What the exercise asks
Lines in the listing below that hold "Outport" are the ones to copy.
[Start of Attachment]
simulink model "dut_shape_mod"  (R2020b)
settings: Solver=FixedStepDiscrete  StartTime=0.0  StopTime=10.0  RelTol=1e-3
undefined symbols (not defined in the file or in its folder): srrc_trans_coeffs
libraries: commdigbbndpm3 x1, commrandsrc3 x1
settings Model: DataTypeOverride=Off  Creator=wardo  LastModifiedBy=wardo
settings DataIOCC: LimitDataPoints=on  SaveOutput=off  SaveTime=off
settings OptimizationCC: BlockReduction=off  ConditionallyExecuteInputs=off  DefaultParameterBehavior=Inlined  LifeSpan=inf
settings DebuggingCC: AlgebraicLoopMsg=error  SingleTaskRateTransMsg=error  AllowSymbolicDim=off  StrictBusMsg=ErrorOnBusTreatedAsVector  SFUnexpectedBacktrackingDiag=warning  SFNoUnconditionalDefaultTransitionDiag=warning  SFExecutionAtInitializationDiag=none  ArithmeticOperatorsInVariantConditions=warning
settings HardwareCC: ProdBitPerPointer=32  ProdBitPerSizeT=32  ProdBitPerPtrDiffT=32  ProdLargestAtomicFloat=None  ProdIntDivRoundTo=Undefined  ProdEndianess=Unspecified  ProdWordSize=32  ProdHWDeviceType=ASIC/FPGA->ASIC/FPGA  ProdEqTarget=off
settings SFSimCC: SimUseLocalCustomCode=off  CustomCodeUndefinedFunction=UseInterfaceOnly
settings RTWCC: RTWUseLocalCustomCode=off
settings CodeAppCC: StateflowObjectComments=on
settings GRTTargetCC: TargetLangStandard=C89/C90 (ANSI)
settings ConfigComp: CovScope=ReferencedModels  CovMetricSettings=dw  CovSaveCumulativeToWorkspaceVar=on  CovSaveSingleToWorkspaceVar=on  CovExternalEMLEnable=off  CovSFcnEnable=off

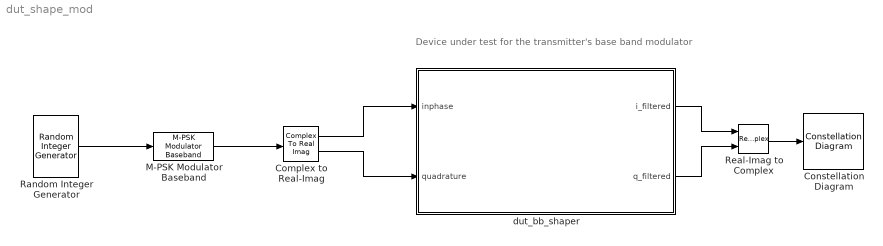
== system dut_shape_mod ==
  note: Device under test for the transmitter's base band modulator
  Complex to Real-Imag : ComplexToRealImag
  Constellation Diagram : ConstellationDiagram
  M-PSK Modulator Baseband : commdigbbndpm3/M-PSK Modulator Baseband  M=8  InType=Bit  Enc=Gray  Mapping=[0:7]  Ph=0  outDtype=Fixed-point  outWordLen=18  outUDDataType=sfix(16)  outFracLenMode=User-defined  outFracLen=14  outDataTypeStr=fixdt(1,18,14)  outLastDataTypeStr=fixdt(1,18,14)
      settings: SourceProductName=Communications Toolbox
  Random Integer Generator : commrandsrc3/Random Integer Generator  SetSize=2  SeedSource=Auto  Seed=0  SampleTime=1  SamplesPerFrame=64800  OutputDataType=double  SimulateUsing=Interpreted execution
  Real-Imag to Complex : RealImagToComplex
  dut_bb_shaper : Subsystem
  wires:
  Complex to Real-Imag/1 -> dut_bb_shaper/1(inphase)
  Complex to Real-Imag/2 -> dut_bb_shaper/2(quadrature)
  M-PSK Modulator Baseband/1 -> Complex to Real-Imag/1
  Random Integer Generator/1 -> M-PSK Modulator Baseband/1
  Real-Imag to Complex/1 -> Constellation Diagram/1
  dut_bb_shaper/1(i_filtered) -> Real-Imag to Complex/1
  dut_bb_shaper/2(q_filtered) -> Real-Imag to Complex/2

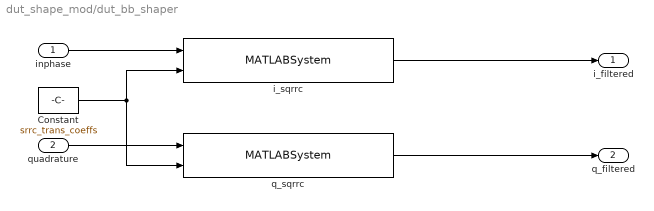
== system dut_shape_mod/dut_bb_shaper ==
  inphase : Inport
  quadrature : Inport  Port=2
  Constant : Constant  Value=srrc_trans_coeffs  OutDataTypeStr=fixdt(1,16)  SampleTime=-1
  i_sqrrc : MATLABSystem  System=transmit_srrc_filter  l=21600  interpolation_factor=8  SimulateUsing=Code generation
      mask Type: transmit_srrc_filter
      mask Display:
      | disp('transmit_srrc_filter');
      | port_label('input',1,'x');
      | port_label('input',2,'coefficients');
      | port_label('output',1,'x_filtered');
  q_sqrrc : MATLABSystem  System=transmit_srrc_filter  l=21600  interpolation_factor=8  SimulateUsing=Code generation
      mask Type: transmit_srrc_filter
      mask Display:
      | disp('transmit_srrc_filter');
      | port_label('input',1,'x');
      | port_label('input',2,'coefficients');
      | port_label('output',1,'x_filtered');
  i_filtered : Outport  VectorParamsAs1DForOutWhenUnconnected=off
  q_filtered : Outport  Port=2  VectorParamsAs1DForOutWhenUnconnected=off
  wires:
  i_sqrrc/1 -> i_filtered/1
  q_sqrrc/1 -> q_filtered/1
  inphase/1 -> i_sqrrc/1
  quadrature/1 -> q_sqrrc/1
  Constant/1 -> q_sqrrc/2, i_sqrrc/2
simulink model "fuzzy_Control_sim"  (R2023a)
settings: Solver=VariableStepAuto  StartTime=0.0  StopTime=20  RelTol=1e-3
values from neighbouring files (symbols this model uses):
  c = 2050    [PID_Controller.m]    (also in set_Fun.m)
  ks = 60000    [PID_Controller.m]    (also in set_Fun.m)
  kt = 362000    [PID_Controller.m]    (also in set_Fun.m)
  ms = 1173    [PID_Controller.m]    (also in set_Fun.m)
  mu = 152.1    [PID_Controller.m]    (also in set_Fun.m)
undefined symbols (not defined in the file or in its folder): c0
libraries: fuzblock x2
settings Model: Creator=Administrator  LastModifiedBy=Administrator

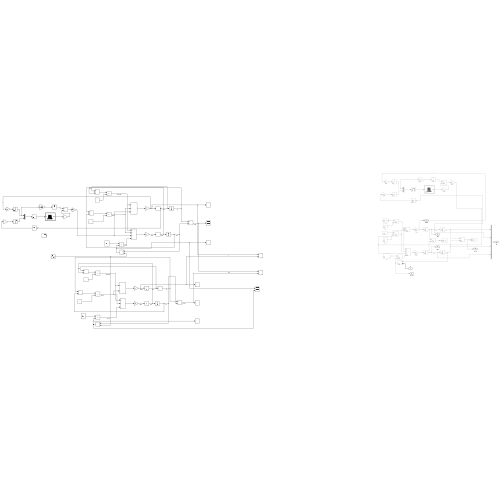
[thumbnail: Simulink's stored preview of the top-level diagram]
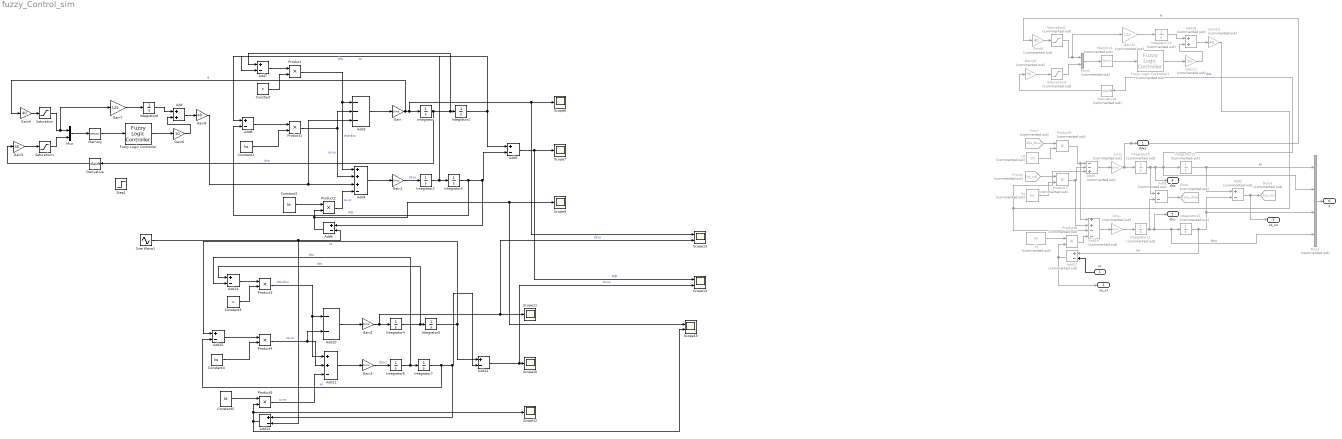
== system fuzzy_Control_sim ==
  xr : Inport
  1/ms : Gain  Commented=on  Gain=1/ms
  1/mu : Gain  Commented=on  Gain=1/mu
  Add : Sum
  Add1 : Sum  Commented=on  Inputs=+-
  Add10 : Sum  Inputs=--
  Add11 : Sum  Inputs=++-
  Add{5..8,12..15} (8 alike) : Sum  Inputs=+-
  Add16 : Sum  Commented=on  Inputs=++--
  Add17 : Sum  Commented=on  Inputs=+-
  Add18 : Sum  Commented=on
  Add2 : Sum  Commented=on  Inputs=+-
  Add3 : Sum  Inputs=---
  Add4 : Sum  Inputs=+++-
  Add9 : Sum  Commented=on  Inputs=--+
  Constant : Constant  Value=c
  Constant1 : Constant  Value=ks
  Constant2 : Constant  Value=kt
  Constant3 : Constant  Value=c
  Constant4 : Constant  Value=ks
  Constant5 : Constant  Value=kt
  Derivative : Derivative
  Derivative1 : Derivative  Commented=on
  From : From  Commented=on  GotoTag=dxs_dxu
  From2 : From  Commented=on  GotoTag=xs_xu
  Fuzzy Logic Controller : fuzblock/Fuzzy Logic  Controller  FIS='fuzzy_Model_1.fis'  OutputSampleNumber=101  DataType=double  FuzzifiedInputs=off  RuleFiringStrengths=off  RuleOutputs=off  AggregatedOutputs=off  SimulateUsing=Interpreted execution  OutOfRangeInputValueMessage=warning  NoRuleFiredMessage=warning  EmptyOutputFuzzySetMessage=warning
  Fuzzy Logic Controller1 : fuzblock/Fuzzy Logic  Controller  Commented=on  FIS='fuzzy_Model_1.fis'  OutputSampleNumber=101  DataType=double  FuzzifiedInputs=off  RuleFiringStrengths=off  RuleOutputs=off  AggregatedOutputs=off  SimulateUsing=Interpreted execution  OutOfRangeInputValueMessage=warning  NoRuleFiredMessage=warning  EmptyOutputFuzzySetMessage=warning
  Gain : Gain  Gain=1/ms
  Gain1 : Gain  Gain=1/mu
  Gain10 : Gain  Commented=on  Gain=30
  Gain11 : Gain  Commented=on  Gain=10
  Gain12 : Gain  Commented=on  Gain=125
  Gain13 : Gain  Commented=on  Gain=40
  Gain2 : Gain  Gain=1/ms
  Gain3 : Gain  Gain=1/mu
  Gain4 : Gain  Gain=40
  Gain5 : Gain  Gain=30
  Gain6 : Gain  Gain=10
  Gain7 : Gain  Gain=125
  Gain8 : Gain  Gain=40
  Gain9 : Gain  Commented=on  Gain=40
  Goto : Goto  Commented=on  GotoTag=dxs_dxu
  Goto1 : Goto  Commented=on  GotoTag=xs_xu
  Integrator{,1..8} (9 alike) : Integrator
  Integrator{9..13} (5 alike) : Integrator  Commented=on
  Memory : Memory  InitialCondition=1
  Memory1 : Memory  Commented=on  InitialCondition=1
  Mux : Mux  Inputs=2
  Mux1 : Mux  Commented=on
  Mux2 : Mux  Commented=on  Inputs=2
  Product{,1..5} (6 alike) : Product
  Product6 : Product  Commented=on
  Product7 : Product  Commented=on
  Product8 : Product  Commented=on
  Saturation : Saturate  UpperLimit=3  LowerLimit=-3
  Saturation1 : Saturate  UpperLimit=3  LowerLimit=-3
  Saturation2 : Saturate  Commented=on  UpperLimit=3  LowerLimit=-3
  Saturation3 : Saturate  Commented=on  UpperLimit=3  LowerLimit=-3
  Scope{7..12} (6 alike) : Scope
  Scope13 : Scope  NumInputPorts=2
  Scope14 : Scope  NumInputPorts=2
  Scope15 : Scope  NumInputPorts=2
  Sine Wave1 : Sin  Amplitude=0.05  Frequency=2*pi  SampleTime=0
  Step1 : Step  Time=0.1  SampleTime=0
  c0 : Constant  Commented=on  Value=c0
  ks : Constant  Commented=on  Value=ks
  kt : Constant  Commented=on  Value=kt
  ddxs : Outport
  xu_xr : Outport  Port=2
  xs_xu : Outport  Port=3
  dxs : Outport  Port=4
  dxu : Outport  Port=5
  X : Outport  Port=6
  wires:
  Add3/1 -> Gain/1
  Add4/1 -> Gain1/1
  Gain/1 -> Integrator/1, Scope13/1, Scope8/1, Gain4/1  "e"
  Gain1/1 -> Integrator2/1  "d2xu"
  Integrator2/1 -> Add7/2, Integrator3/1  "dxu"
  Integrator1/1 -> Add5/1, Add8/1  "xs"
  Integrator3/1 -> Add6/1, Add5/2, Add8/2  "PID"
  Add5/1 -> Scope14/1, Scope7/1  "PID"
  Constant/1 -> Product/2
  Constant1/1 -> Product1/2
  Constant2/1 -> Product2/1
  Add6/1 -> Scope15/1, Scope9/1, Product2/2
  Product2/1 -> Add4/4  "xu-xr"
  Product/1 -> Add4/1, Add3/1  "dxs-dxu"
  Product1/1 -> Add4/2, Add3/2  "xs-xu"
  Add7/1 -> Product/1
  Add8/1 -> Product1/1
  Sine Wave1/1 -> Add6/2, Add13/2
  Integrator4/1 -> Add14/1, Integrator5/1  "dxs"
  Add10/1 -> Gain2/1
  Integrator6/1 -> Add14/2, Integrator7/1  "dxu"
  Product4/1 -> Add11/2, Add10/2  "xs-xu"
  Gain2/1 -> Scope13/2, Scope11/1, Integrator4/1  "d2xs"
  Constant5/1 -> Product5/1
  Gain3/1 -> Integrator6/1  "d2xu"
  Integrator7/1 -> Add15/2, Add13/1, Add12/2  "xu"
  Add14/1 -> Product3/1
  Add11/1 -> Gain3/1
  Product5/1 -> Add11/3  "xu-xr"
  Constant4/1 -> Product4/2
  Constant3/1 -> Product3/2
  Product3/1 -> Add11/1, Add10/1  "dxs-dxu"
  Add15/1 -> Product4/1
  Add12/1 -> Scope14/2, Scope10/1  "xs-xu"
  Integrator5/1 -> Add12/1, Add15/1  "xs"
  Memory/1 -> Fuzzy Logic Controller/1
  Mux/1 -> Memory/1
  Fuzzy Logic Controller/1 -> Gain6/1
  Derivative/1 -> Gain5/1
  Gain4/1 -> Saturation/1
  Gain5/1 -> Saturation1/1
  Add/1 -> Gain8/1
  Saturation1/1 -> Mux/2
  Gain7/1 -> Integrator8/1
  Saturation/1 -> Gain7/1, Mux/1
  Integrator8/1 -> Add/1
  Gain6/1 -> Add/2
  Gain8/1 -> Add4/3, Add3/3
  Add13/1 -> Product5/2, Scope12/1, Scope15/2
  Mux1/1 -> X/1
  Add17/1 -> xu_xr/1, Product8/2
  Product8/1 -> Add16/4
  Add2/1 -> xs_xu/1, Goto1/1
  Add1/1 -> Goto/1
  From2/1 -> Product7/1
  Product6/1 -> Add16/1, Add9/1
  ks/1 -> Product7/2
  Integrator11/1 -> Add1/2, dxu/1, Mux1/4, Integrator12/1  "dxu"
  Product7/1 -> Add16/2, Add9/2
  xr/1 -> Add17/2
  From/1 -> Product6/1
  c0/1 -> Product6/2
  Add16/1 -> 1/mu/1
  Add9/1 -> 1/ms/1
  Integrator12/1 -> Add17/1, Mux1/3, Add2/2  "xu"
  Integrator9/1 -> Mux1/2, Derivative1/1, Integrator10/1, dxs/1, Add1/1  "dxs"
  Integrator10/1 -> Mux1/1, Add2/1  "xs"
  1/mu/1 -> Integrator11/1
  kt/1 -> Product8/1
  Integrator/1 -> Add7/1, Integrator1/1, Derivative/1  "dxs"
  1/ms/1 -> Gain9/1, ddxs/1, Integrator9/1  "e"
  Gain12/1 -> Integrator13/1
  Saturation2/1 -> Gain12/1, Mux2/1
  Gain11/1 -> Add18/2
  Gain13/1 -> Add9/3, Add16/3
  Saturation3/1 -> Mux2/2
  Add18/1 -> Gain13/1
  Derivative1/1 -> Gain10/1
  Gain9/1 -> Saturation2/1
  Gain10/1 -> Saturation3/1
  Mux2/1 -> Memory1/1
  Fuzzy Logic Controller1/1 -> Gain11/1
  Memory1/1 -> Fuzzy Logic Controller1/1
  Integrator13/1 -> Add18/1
[End of Attachment]
Task result
  i_filtered : Outport  VectorParamsAs1DForOutWhenUnconnected=off
  q_filtered : Outport  Port=2  VectorParamsAs1DForOutWhenUnconnected=off
  ddxs : Outport
  xu_xr : Outport  Port=2
  xs_xu : Outport  Port=3
  dxs : Outport  Port=4
  dxu : Outport  Port=5
  X : Outport  Port=6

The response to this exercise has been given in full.